Now, there’s a new study that expands more on the rotator cuff and what really happens with those stem cells when repair is needed.
Rotator Cuff Stem Cells May Be More Likely to Become Fat than Muscle
The new study compared stem cell differentiation in both the rotator cuff muscle in the shoulder and the gastrocnemius muscle in the leg. In this animal model, they used the resident muscle stem cell known as a satellite cell. Stem cells affect healing by moving into the damaged area and typically differentiating into, or becoming, the specialized cell type necessary to repair the tissue (for further explanation on differentiation, watch my brief video to the right).
How do stem cells work? Differentiation or the Cellular Oedipus Complex
The results in this case? The rotator cuff satellite cells differentiated into 23% fewer muscle cells than those from the gastrocnemius. In addition, there was a four-fold increase in adipogenesis (fat production) by the rotator cuff satellite cells.
In addition, researchers also found hundreds of differences in gene expression in the two muscles with the rotator cuff showing heavy expressions in those involved in lipid metabolism and adipogenesis, causing them to suggest both cellular and gene expression links to the adipogenesis in the rotator cuff. They also suggested transplanting satellite cells from other muscles into the rotator cuff to improve the chances of muscle tissue rather than fat.

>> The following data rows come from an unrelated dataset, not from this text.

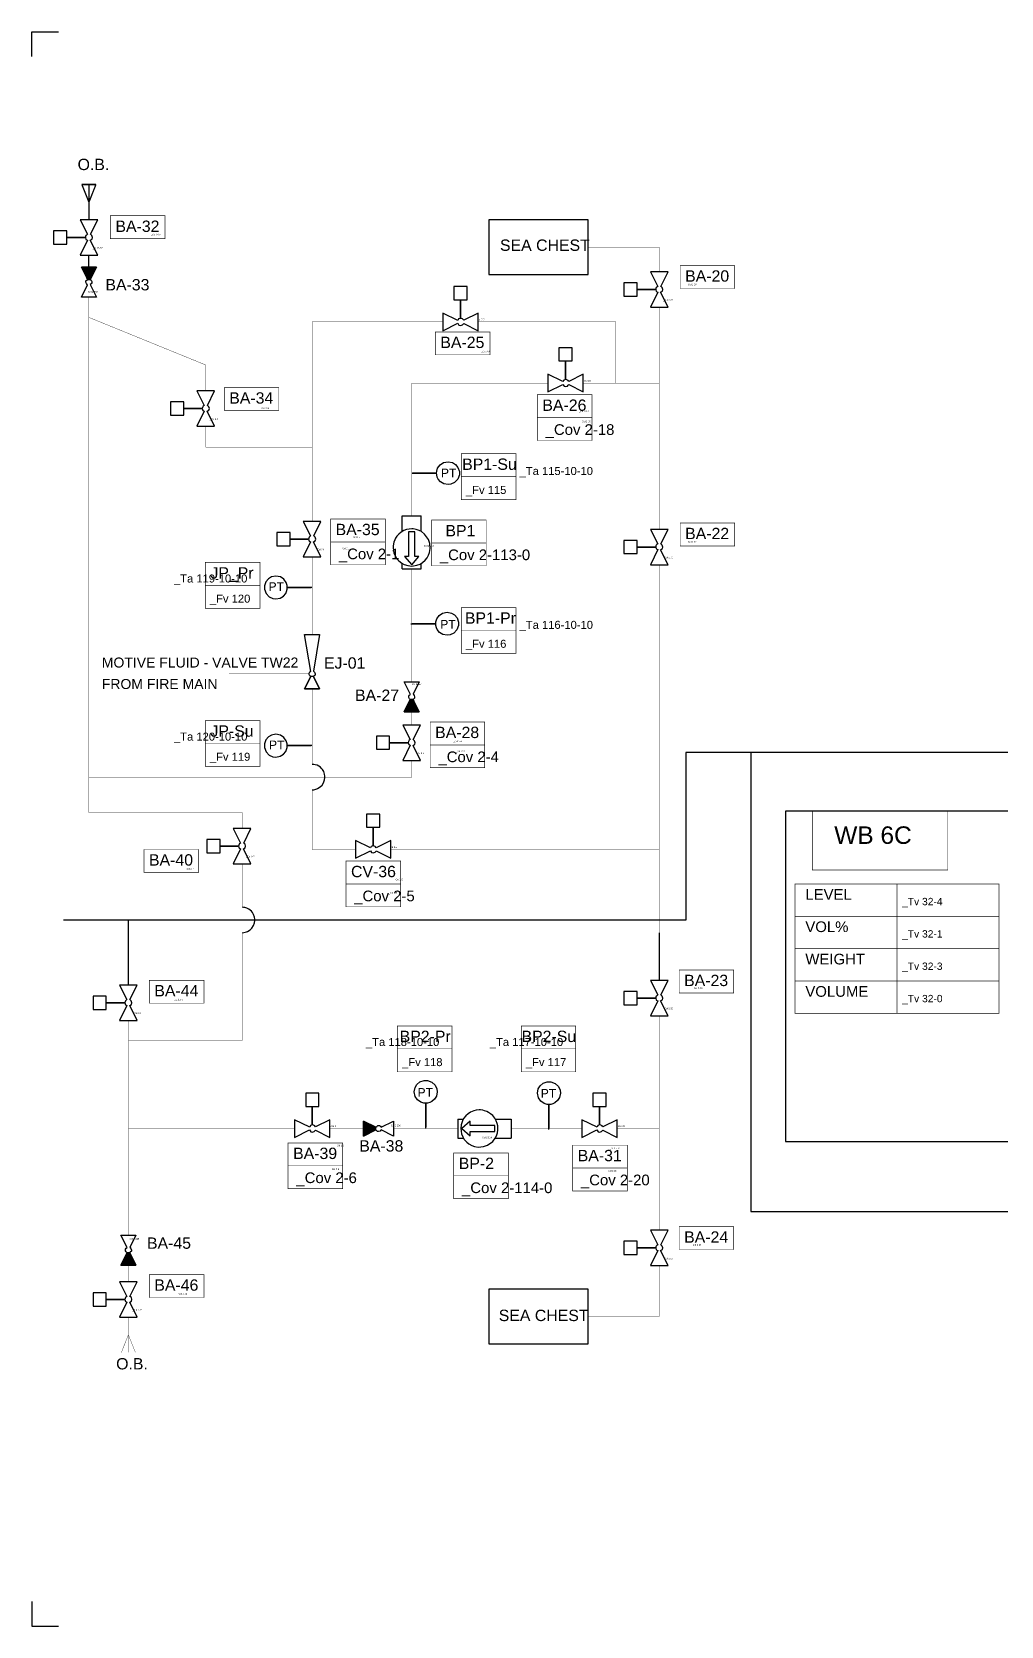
# Model space of a CAD drawing. Header units: millimetres. Extents: x 15487 to 19652, y 36808 to 39199.
# Drawn here: x 15487 to 16939, y 36808 to 39199 of the extents above; entities that cross this region are included whole.
import ezdxf
from ezdxf.enums import TextEntityAlignment as Align

# ---------------------------------------------------------------- set-up
doc = ezdxf.new("R2010")
doc.units = ezdxf.units.MM
for name, color, linetype in [('Ballast', 140, 'Continuous'), ('Control valve', 11, 'Continuous'), ('Free values', 100, 'Continuous'), ('level alarm', 255, 'Continuous'), ('Object fields', 21, 'Continuous'), ('Objects not controlled', 40, 'Continuous'), ('Pumps', 130, 'Continuous'), ('Side tanks', 120, 'Continuous'), ('TEKST', 7, 'Continuous')]:
    doc.layers.add(name, color=color, linetype=linetype)
doc.layers.add('Pressure transmitters', color=30, linetype='Continuous', lineweight=25, plot=False)
doc.styles.add('Arial', font='arial.ttf', dxfattribs={"height": 50})
doc.styles.get("Standard").update_dxf_attribs({"font": 'arial.ttf'})

msp = doc.modelspace()

# ---------------------------------------------------------------- hatches: boundary and pattern name
at = {"layer": 'Objects not controlled'}
h = msp.add_hatch(dxfattribs=at)
h.set_pattern_fill('ANSI31', color=256, scale=7.2105, angle=-90)
h.set_pattern_definition([(315, (16218.7412, 40402.9041), (0.6373242, 0.6373242), [])])
h.paths.add_polyline_path([(15560.8, 38846.1), (15570, 38827.6), (15574.1, 38827.6), (15583.3, 38846.1)])
h = msp.add_hatch(dxfattribs=at)
h.set_pattern_fill('ANSI31', color=256, scale=7.2105, angle=-270)
h.set_pattern_definition([(135, (15409.1654, 36622.231), (-0.6373242, -0.6373242), [])])
h.paths.add_polyline_path([(16067.1, 38179), (16057.9, 38197.5), (16053.8, 38197.5), (16044.6, 38179)])
h = msp.add_hatch(dxfattribs=at)
h.set_pattern_fill('ANSI31', color=256, scale=7.2105, angle=-360)
h.set_pattern_definition([(45, (14426.9635, 38201.0584), (-0.6373242, 0.6373242), [])])
h.paths.add_polyline_path([(15983.8, 37543.1), (16002.3, 37552.4), (16002.3, 37556.4), (15983.8, 37565.6)])
h = msp.add_hatch(dxfattribs=at)
h.set_pattern_fill('ANSI31', color=256, scale=7.2105, angle=90)
h.set_pattern_definition([(135, (14984.5176, 35792.8069), (-0.6373242, -0.6373242), [])])
h.paths.add_polyline_path([(15642.5, 37349.6), (15633.2, 37368.1), (15629.2, 37368.1), (15620, 37349.6)])

# ---------------------------------------------------------------- linework, layer by layer
for points in [[(16274.4, 38916.9), (16171.6, 38916.9), (16171.6, 38835.1), (16320.6, 38835.1), (16320.6, 38916.9), (16274.4, 38916.9)], [(16274.4, 37313.3), (16171.6, 37313.3), (16171.6, 37231.5), (16320.6, 37231.5), (16320.6, 37313.3), (16274.4, 37313.3)]]:
    msp.add_lwpolyline(points)
at = {"layer": 'Ballast'}
for points, const_width in [([(15572.1, 38943.4), (15561.5, 38969.9)], 2), ([(15572.1, 38943.4), (15561.5, 38969.9)], 2), ([(15572.1, 38916.9), (15572.1, 38969.9)], 2), ([(15572.1, 38943.4), (15582.6, 38969.9)], 2), ([(15572.1, 38916.9), (15572.1, 38969.9)], 2), ([(15572.1, 38943.4), (15582.6, 38969.9)], 2), ([(16320.6, 38876), (16427, 38876), (16427, 38838.9)], 0.5), ([(15572.1, 38801.1), (15572.1, 38028.4), (15801.7, 38028.4), (15801.7, 38004.2)], 0.5), ([(16427, 38785.9), (16427, 38452.8)], 0.5), ([(15747.3, 38660.3), (15747.3, 38699.2), (15572.1, 38770.6)], 0.5), ([(16102.5, 38763.9), (15906.7, 38763.9), (15906.7, 38464.6)], 0.5), ([(16155.5, 38763.9), (16361.6, 38763.9), (16361.6, 38672.2)], 0.5), ([(16260, 38672.2), (16055.9, 38672.2), (16055.9, 38473.3)], 0.5), ([(16313, 38672.2), (16427, 38672.2)], 0.5), ([(15747.3, 38607.3), (15747.3, 38576.2), (15906.7, 38576.2)], 0.5), ([(15906.7, 38295), (15906.7, 38411.6)], 0.5), ([(16055.9, 38224), (16055.9, 38393.5)], 0.5), ([(16427, 38399.8), (16427, 37848)], 0.5), ([(15902.3, 38236.2), (15782.2, 38236.2)], 0.5), ([(15906.7, 38213.7), (15906.7, 38100.4)], 0.5), ([(16055.9, 38159.4), (16055.9, 38179)], 0.5), ([(16055.9, 38106.4), (16055.9, 38081.3), (15572.1, 38081.3)], 0.5), ([(15971.6, 37972.9), (15906.7, 37972.9), (15906.8, 38062.3)], 0.5), ([(16024.6, 37972.9), (16427, 37972.9)], 0.5), ([(15801.7, 37951.2), (15801.7, 37886.1)], 0.5), ([(15801.7, 37848), (15801.7, 37686.4), (15631.2, 37686.4)], 0.5), ([(16427, 37848), (16427, 37776.4)], 2), ([(16427, 37723.4), (16427, 37401.7)], 0.5), ([(15631.2, 37716.4), (15631.2, 37394.6)], 0.5), ([(15880.4, 37554.4), (15631.2, 37554.4)], 0.5), ([(15983.8, 37554.4), (15933.4, 37554.4)], 0.5), ([(16125.1, 37554.4), (16028.8, 37554.4)], 0.5), ([(16311, 37554.4), (16204.8, 37554.4)], 0.5), ([(16364, 37554.4), (16427, 37554.4)], 0.5), ([(15631.2, 37349.6), (15631.2, 37324.4)], 0.5), ([(16427, 37348.7), (16427, 37272.4), (16320.6, 37272.4)], 0.5), ([(15631.2, 37271.4), (15631.2, 37218.5)], 0.5), ([(15631.2, 37271.4), (15631.2, 37218.5)], 0.5), ([(15631.2, 37245), (15620.7, 37218.5)], 0.5), ([(15631.2, 37245), (15620.7, 37218.5)], 0.5), ([(15631.2, 37245), (15641.8, 37218.5)], 0.5), ([(15631.2, 37245), (15641.8, 37218.5)], 0.5)]:
    msp.add_lwpolyline(points, dxfattribs=dict(at, const_width=const_width))
for points in [[(15561.5, 38969.9), (15582.6, 38969.9)], [(15582.6, 38969.9), (15561.5, 38969.9)], [(15572.1, 38846.1), (15572.1, 38863.9)], [(18903.7, 38118.4), (16466.9, 38118.4), (16466.9, 37867), (15534, 37867)], [(16564.1, 38118.4), (16564.1, 38118.4), (16564.1, 37429.9), (16993.6, 37429.9)], [(15906.8, 38062.3), (15909.2, 38062.4), (15913.5, 38063.5), (15914.8, 38064), (15918.9, 38066.6), (15921.5, 38069.1), (15923.9, 38072.9), (15925.4, 38077), (15925.9, 38080.8), (15925.9, 38082.6), (15925.4, 38085.5), (15924.1, 38089.5), (15922.1, 38092.7), (15920.7, 38094.4), (15919, 38096), (15916.9, 38097.5), (15914, 38099), (15911.1, 38099.9), (15909.2, 38100.3), (15906.8, 38100.4)], [(15631.2, 37769.4), (15631.2, 37867)], [(15801.7, 37848), (15804.1, 37848.1), (15808.4, 37849.2), (15809.6, 37849.7), (15813.8, 37852.3), (15816.3, 37854.8), (15818.8, 37858.6), (15820.3, 37862.7), (15820.8, 37866.5), (15820.7, 37868.3), (15820.3, 37871.2), (15818.9, 37875.2), (15817, 37878.4), (15815.6, 37880.1), (15813.9, 37881.7), (15811.8, 37883.2), (15808.9, 37884.7), (15805.9, 37885.6), (15804, 37886), (15801.7, 37886.1)]]:
    msp.add_lwpolyline(points, dxfattribs=at)
at = {"layer": 'Control valve'}
for points in [[(15585.3, 38916.9), (15558.8, 38916.9), (15569.7, 38895.2), (15568.2, 38894), (15567.6, 38893.2), (15567.1, 38892), (15566.8, 38890.4), (15538.9, 38890.4), (15538.9, 38900.4), (15519.1, 38900.4), (15519.1, 38880.5), (15538.9, 38880.5), (15538.9, 38890.4), (15566.8, 38890.4), (15567.6, 38887.6), (15569.8, 38886.5), (15558.8, 38863.9), (15585.3, 38863.9), (15574.1, 38886.4), (15576.8, 38888), (15577.4, 38890.4), (15576.5, 38893.3), (15575.5, 38894.2), (15574.4, 38895.2)], [(16440.2, 38838.9), (16413.7, 38838.9), (16424.6, 38817.1), (16423.1, 38816), (16422.5, 38815.2), (16422, 38814), (16421.7, 38812.4), (16393.9, 38812.4), (16393.9, 38822.3), (16374, 38822.3), (16374, 38802.4), (16393.9, 38802.4), (16393.9, 38812.4), (16421.7, 38812.4), (16422.5, 38809.5), (16424.7, 38808.4), (16413.7, 38785.9), (16440.2, 38785.9), (16429, 38808.3), (16431.7, 38810), (16432.3, 38812.4), (16431.4, 38815.3), (16430.4, 38816.2), (16429.3, 38817.1)], [(16155.5, 38750.7), (16155.5, 38777.2), (16133.8, 38766.3), (16132.6, 38767.8), (16131.8, 38768.4), (16130.6, 38768.9), (16129, 38769.2), (16129, 38797), (16139, 38797), (16139, 38816.9), (16119.1, 38816.9), (16119.1, 38797), (16129, 38797), (16129, 38769.2), (16126.2, 38768.4), (16125.1, 38766.2), (16102.5, 38777.2), (16102.5, 38750.7), (16125, 38761.9), (16126.7, 38759.2), (16129, 38758.6), (16131.9, 38759.5), (16132.8, 38760.5), (16133.8, 38761.5)], [(16313, 38658.9), (16313, 38685.4), (16291.3, 38674.5), (16290.2, 38676), (16289.4, 38676.6), (16288.2, 38677.1), (16286.5, 38677.5), (16286.5, 38705.3), (16296.5, 38705.3), (16296.5, 38725.1), (16276.6, 38725.1), (16276.6, 38705.3), (16286.5, 38705.3), (16286.5, 38677.5), (16283.7, 38676.6), (16282.6, 38674.4), (16260, 38685.4), (16260, 38658.9), (16282.5, 38670.1), (16284.2, 38667.4), (16286.5, 38666.9), (16289.4, 38667.7), (16290.4, 38668.8), (16291.3, 38669.8)], [(15760.5, 38660.3), (15734, 38660.3), (15744.9, 38638.6), (15743.4, 38637.5), (15742.8, 38636.6), (15742.3, 38635.5), (15742, 38633.8), (15714.1, 38633.8), (15714.1, 38643.8), (15694.3, 38643.8), (15694.3, 38623.9), (15714.1, 38623.9), (15714.1, 38633.8), (15742, 38633.8), (15742.8, 38631), (15745, 38629.9), (15734, 38607.3), (15760.5, 38607.3), (15749.3, 38629.8), (15752, 38631.5), (15752.6, 38633.8), (15751.7, 38636.7), (15750.7, 38637.6), (15749.6, 38638.6)], [(15919.9, 38464.6), (15893.4, 38464.6), (15904.3, 38442.9), (15902.8, 38441.8), (15902.2, 38441), (15901.7, 38439.8), (15901.4, 38438.1), (15873.5, 38438.1), (15873.5, 38448.1), (15853.7, 38448.1), (15853.7, 38428.2), (15873.5, 38428.2), (15873.5, 38438.1), (15901.4, 38438.1), (15902.2, 38435.3), (15904.4, 38434.2), (15893.4, 38411.6), (15919.9, 38411.6), (15908.7, 38434.1), (15911.4, 38435.8), (15912, 38438.1), (15911.1, 38441), (15910.1, 38442), (15909, 38442.9)], [(16440.2, 38452.8), (16413.7, 38452.8), (16424.6, 38431.1), (16423.1, 38429.9), (16422.5, 38429.1), (16422, 38427.9), (16421.7, 38426.3), (16393.9, 38426.3), (16393.9, 38436.3), (16374, 38436.3), (16374, 38416.4), (16393.9, 38416.4), (16393.9, 38426.3), (16421.7, 38426.3), (16422.5, 38423.5), (16424.7, 38422.4), (16413.7, 38399.8), (16440.2, 38399.8), (16429, 38422.3), (16431.7, 38423.9), (16432.3, 38426.3), (16431.4, 38429.2), (16430.4, 38430.1), (16429.3, 38431.1)], [(16069.1, 38159.4), (16042.6, 38159.4), (16053.5, 38137.6), (16052, 38136.5), (16051.4, 38135.7), (16050.9, 38134.5), (16050.6, 38132.9), (16022.7, 38132.9), (16022.7, 38142.8), (16002.9, 38142.8), (16002.9, 38123), (16022.7, 38123), (16022.7, 38132.9), (16050.6, 38132.9), (16051.4, 38130.1), (16053.6, 38129), (16042.6, 38106.4), (16069.1, 38106.4), (16057.9, 38128.8), (16060.6, 38130.5), (16061.1, 38132.9), (16060.3, 38135.8), (16059.3, 38136.7), (16058.2, 38137.6)], [(16024.6, 37959.7), (16024.6, 37986.2), (16002.8, 37975.3), (16001.7, 37976.8), (16000.9, 37977.4), (15999.7, 37977.9), (15998.1, 37978.2), (15998.1, 38006.1), (16008, 38006.1), (16008, 38025.9), (15988.1, 38025.9), (15988.1, 38006.1), (15998.1, 38006.1), (15998.1, 37978.2), (15995.2, 37977.4), (15994.1, 37975.2), (15971.6, 37986.2), (15971.6, 37959.7), (15994, 37970.9), (15995.7, 37968.2), (15998.1, 37967.6), (16001, 37968.5), (16001.9, 37969.5), (16002.8, 37970.6)], [(15814.9, 38004.2), (15788.4, 38004.2), (15799.3, 37982.4), (15797.8, 37981.3), (15797.2, 37980.5), (15796.7, 37979.3), (15796.4, 37977.7), (15768.6, 37977.7), (15768.6, 37987.6), (15748.7, 37987.6), (15748.7, 37967.8), (15768.6, 37967.8), (15768.6, 37977.7), (15796.4, 37977.7), (15797.2, 37974.9), (15799.4, 37973.8), (15788.4, 37951.2), (15814.9, 37951.2), (15803.7, 37973.6), (15806.4, 37975.3), (15807, 37977.7), (15806.1, 37980.6), (15805.1, 37981.5), (15804.1, 37982.4)], [(16440.2, 37776.4), (16413.7, 37776.4), (16424.6, 37754.6), (16423.1, 37753.5), (16422.5, 37752.7), (16422, 37751.5), (16421.7, 37749.9), (16393.9, 37749.9), (16393.9, 37759.8), (16374, 37759.8), (16374, 37739.9), (16393.9, 37739.9), (16393.9, 37749.9), (16421.7, 37749.9), (16422.5, 37747), (16424.7, 37745.9), (16413.7, 37723.4), (16440.2, 37723.4), (16429, 37745.8), (16431.7, 37747.5), (16432.3, 37749.9), (16431.4, 37752.8), (16430.4, 37753.7), (16429.3, 37754.6)], [(15644.5, 37769.4), (15618, 37769.4), (15628.8, 37747.6), (15627.3, 37746.5), (15626.8, 37745.7), (15626.2, 37744.5), (15625.9, 37742.9), (15598.1, 37742.9), (15598.1, 37752.8), (15578.2, 37752.8), (15578.2, 37733), (15598.1, 37733), (15598.1, 37742.9), (15625.9, 37742.9), (15626.7, 37740), (15628.9, 37738.9), (15618, 37716.4), (15644.5, 37716.4), (15633.2, 37738.8), (15635.9, 37740.5), (15636.5, 37742.9), (15635.6, 37745.8), (15634.6, 37746.7), (15633.6, 37747.6)], [(15933.4, 37541.1), (15933.4, 37567.6), (15911.6, 37556.7), (15910.5, 37558.2), (15909.7, 37558.8), (15908.5, 37559.3), (15906.9, 37559.7), (15906.9, 37587.5), (15916.8, 37587.5), (15916.8, 37607.4), (15897, 37607.4), (15897, 37587.5), (15906.9, 37587.5), (15906.9, 37559.7), (15904.1, 37558.8), (15903, 37556.6), (15880.4, 37567.6), (15880.4, 37541.1), (15902.8, 37552.3), (15904.5, 37549.6), (15906.9, 37549.1), (15909.8, 37549.9), (15910.7, 37551), (15911.6, 37552)], [(16364, 37541.1), (16364, 37567.6), (16342.3, 37556.7), (16341.2, 37558.2), (16340.4, 37558.8), (16339.2, 37559.3), (16337.5, 37559.7), (16337.5, 37587.5), (16347.5, 37587.5), (16347.5, 37607.4), (16327.6, 37607.4), (16327.6, 37587.5), (16337.5, 37587.5), (16337.5, 37559.7), (16334.7, 37558.8), (16333.6, 37556.6), (16311, 37567.6), (16311, 37541.1), (16333.5, 37552.3), (16335.2, 37549.6), (16337.5, 37549.1), (16340.4, 37549.9), (16341.4, 37551), (16342.3, 37552)], [(16440.2, 37401.7), (16413.7, 37401.7), (16424.6, 37380), (16423.1, 37378.9), (16422.5, 37378), (16422, 37376.9), (16421.7, 37375.2), (16393.9, 37375.2), (16393.9, 37385.2), (16374, 37385.2), (16374, 37365.3), (16393.9, 37365.3), (16393.9, 37375.2), (16421.7, 37375.2), (16422.5, 37372.4), (16424.7, 37371.3), (16413.7, 37348.7), (16440.2, 37348.7), (16429, 37371.2), (16431.7, 37372.9), (16432.3, 37375.2), (16431.4, 37378.1), (16430.4, 37379.1), (16429.3, 37380)], [(15644.5, 37324.4), (15618, 37324.4), (15628.9, 37302.7), (15627.4, 37301.6), (15626.8, 37300.8), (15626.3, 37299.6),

Getting the Right Stem Cells to the Rotator Cuff
This study may explain why fat atrophy (those fatty deposits that cause muscle weakness) is a problem associated with poor rotator cuff surgery outcomes; as the body attempts to self-heal, those rotator cuff stem cells may differentiate into fat cells rather than muscle cells. So how do we get the right kind of stem cells to the rotator cuff to facilitate healing?
One way to do this may be focusing on the bone marrow cells. One of those cell types, hematopoietic stem cells, are found in muscles of animals that are excessively exercised. This and other studies (study 1, study 2) has lead researchers to conclude that bone marrow stem cells participate in natural mechanisms of muscle repair. Hence, does it makes sense to directly inject these cells into these damaged muscles? One easy way of doing that would be injecting bone marrow concentrate into torn rotator cuff muscles. However, does this help real patients? For example, one recent study concluded that performing a rotator cuff repair and then injecting bone marrow stem cells during the surgery reduced re-tear rates.
Do you always need the surgery? In our experience and based on what we are finding in our own rotator cuff tear randomized controlled trial (RCT), in select patients, most of these same results can be had by skipping the surgery. In these cases, we replenish bone marrow stem cells through precise injections. Learn more about this RCT by watching my video below:
The upshot? This problem with rotator cuff muscle stem cells wanting to become fat may be the reason why we see fat atrophy in this injured structure. In the meantime, we now have research that suggests that adding in bone marrow stem cells to the tear, which can replace the function of muscle satellite cells, is likely a good idea to promote healing.